How and why is Google OAuth token validation performed?

Jakob picture Jakob · Jun 21, 2013 · Viewed 9k times · Source

Between access tokens, refresh tokens, scopes, audiences, and client IDs, I was confused when the Google OAuth documentation instructed me to validate all tokens in order to prevent the confused deputy problem. The Wikipedia article linked to only describes the general problem at a high level, not specific to OAuth or even network authentication. If I understand it correctly, token validation is not even part of OAuth2 but actually depends on the specific implementation. So here is my question:

How and why is Google OAuth token validation performed?

A concrete example of the confused deputy problem in this context would be especially appreciated. Also note that I ask this in the context of entirely client-side apps, if that makes a difference.

Answer

Andre D picture Andre D · Jul 3, 2013

Google is referring specifically to the access token.

In the context of OAuth 2.0, the confused deputy problem applies to the Implicit Grant protocol flow when used for authentication. What Google calls "OAuth 2.0 for Client-side Applications" is based on the implicit grant protocol flow.

Since the implicit flow exposes the access token to the end user through the URI fragment, it introduces the possiblity that the access token might be tampered with. A legitimate app (an OAuth client) can become the confused deputy by accepting an access token that was issued to a different (malicious) app, thereby giving an attacker access to a victim's account.

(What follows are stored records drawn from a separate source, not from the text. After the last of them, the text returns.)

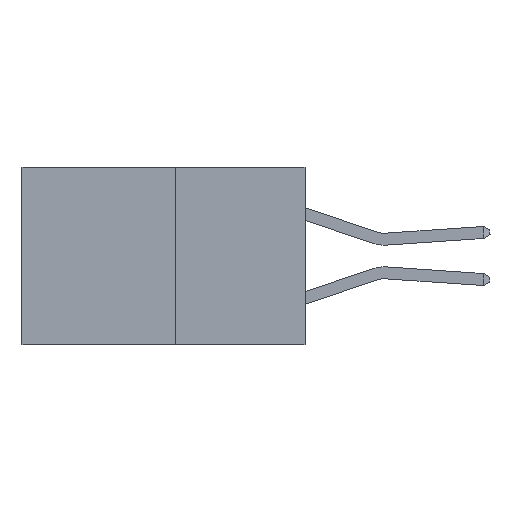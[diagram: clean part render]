
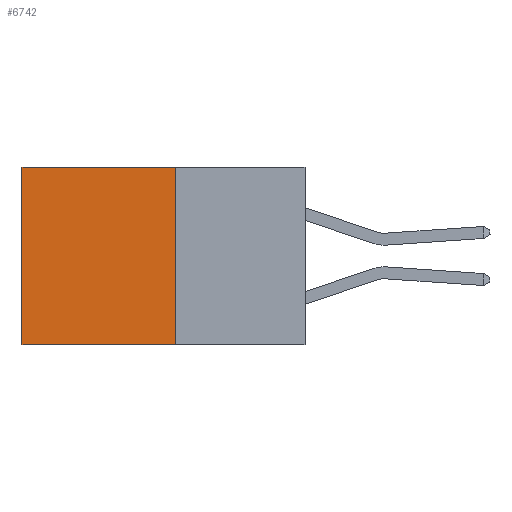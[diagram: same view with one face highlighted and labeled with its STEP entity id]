
A CAD part, left-side view. The second image highlights one B-rep face of the part: STEP entity #6742.
In plain terms, the highlighted planar face has unit normal (-1, 0, 0).
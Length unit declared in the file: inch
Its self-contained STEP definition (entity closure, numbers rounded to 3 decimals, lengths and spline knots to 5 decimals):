
#1015 = CARTESIAN_POINT ( 'NONE',  ( 0.277, 0.27, 0. ) ) ;
#1344 = ORIENTED_EDGE ( 'NONE', *, *, #5966, .F. ) ;
#1638 = ORIENTED_EDGE ( 'NONE', *, *, #16231, .T. ) ;
#1831 = CARTESIAN_POINT ( 'NONE',  ( 0.277, 0.59, 0. ) ) ;
#2217 = LINE ( 'NONE', #1015, #8661 ) ;
#3281 = EDGE_LOOP ( 'NONE', ( #15389, #21167, #1344, #1638 ) ) ;
#4851 = EDGE_CURVE ( 'NONE', #15033, #8399, #17511, .T. ) ;
#5966 = EDGE_CURVE ( 'NONE', #10099, #30655, #12121, .T. ) ;
#6742 = ADVANCED_FACE ( 'NONE', ( #23086 ), #30976, .F. ) ;
#8196 = DIRECTION ( 'NONE',  ( 0., 0., -1. ) ) ;
#8399 = VERTEX_POINT ( 'NONE', #13499 ) ;
#8661 = VECTOR ( 'NONE', #10642, 39.37008 ) ;
#10099 = VERTEX_POINT ( 'NONE', #14467 ) ;
#10642 = DIRECTION ( 'NONE',  ( 0., 1., 0. ) ) ;
#11071 = VECTOR ( 'NONE', #29095, 39.37008 ) ;
#11221 = CARTESIAN_POINT ( 'NONE',  ( 0.277, 0.27, -0.37 ) ) ;
#11538 = CARTESIAN_POINT ( 'NONE',  ( 0.277, 0.59, -0.37 ) ) ;
#12121 = LINE ( 'NONE', #11221, #24255 ) ;
#13499 = CARTESIAN_POINT ( 'NONE',  ( 0.277, 0.59, -0.37 ) ) ;
#14467 = CARTESIAN_POINT ( 'NONE',  ( 0.277, 0.27, 0. ) ) ;
#15033 = VERTEX_POINT ( 'NONE', #1831 ) ;
#15389 = ORIENTED_EDGE ( 'NONE', *, *, #4851, .T. ) ;
#16231 = EDGE_CURVE ( 'NONE', #10099, #15033, #2217, .T. ) ;
#17201 = DIRECTION ( 'NONE',  ( 0., 1., 0. ) ) ;
#17511 = LINE ( 'NONE', #11538, #11071 ) ;
#18104 = AXIS2_PLACEMENT_3D ( 'NONE', #31001, #30672, #30593 ) ;
#19531 = CARTESIAN_POINT ( 'NONE',  ( 0.277, 0.27, -0.37 ) ) ;
#21167 = ORIENTED_EDGE ( 'NONE', *, *, #26279, .F. ) ;
#23086 = FACE_OUTER_BOUND ( 'NONE', #3281, .T. ) ;
#24255 = VECTOR ( 'NONE', #8196, 39.37008 ) ;
#26279 = EDGE_CURVE ( 'NONE', #30655, #8399, #30613, .T. ) ;
#27028 = CARTESIAN_POINT ( 'NONE',  ( 0.277, 0.27, -0.37 ) ) ;
#29095 = DIRECTION ( 'NONE',  ( 0., 0., -1. ) ) ;
#29858 = VECTOR ( 'NONE', #17201, 39.37008 ) ;
#30593 = DIRECTION ( 'NONE',  ( 0., 0., -1. ) ) ;
#30613 = LINE ( 'NONE', #19531, #29858 ) ;
#30655 = VERTEX_POINT ( 'NONE', #27028 ) ;
#30672 = DIRECTION ( 'NONE',  ( 1., 0., 0. ) ) ;
#30976 = PLANE ( 'NONE',  #18104 ) ;
#31001 = CARTESIAN_POINT ( 'NONE',  ( 0.277, 0.27, -0.37 ) ) ;

The critical step in validating the access token is that the app verifies that the access token was not originally issued to a different app. Google calls attention to this when they say:

Note: When verifying a token, it is critical to ensure the audience field in the response exactly matches your client_id registered in the APIs Console. This is the mitigation for the confused deputy issue, and it is absolutely vital to perform this step.

As a simplified example, imagine there are two apps: (1) FileStore, a legitimate file storage app, and (2) EvilApp. Both apps use Google's authentication process for client-side apps. Alice is an innocent end user, and her Google user ID is XYZ.

  1. Alice signs into FileStore using Google.
  2. After the auth process, FileStore creates an account for Alice and associates it with Google user ID XYZ.
  3. Alice uploads some files to her FileStore account. So far everything is fine.
  4. Later, Alice signs into EvilApp, which offers games that look kind of fun.
  5. As a result, EvilApp gains an access token that is associated with Google user ID XYZ.
  6. The owner of EvilApp can now construct the redirect URI for FileStore, inserting the access token it was issued for Alice's Google account.
  7. The attacker connects to FileStore, which will take the access token and check with Google to see what user it is for. Google will say that it is user XYZ.
  8. FileStore will give the attacker access to Alice's files because the attacker has an access token for Google user XYZ.

FileStore's mistake was not verifying with Google that the access token it was given was truly issued to FileStore; the token was really issued to EvilApp.

Others have described this much more elegantly than I:

I hope this explains the why part of access token validation with client-side apps, and how it relates to the confused deputy problem.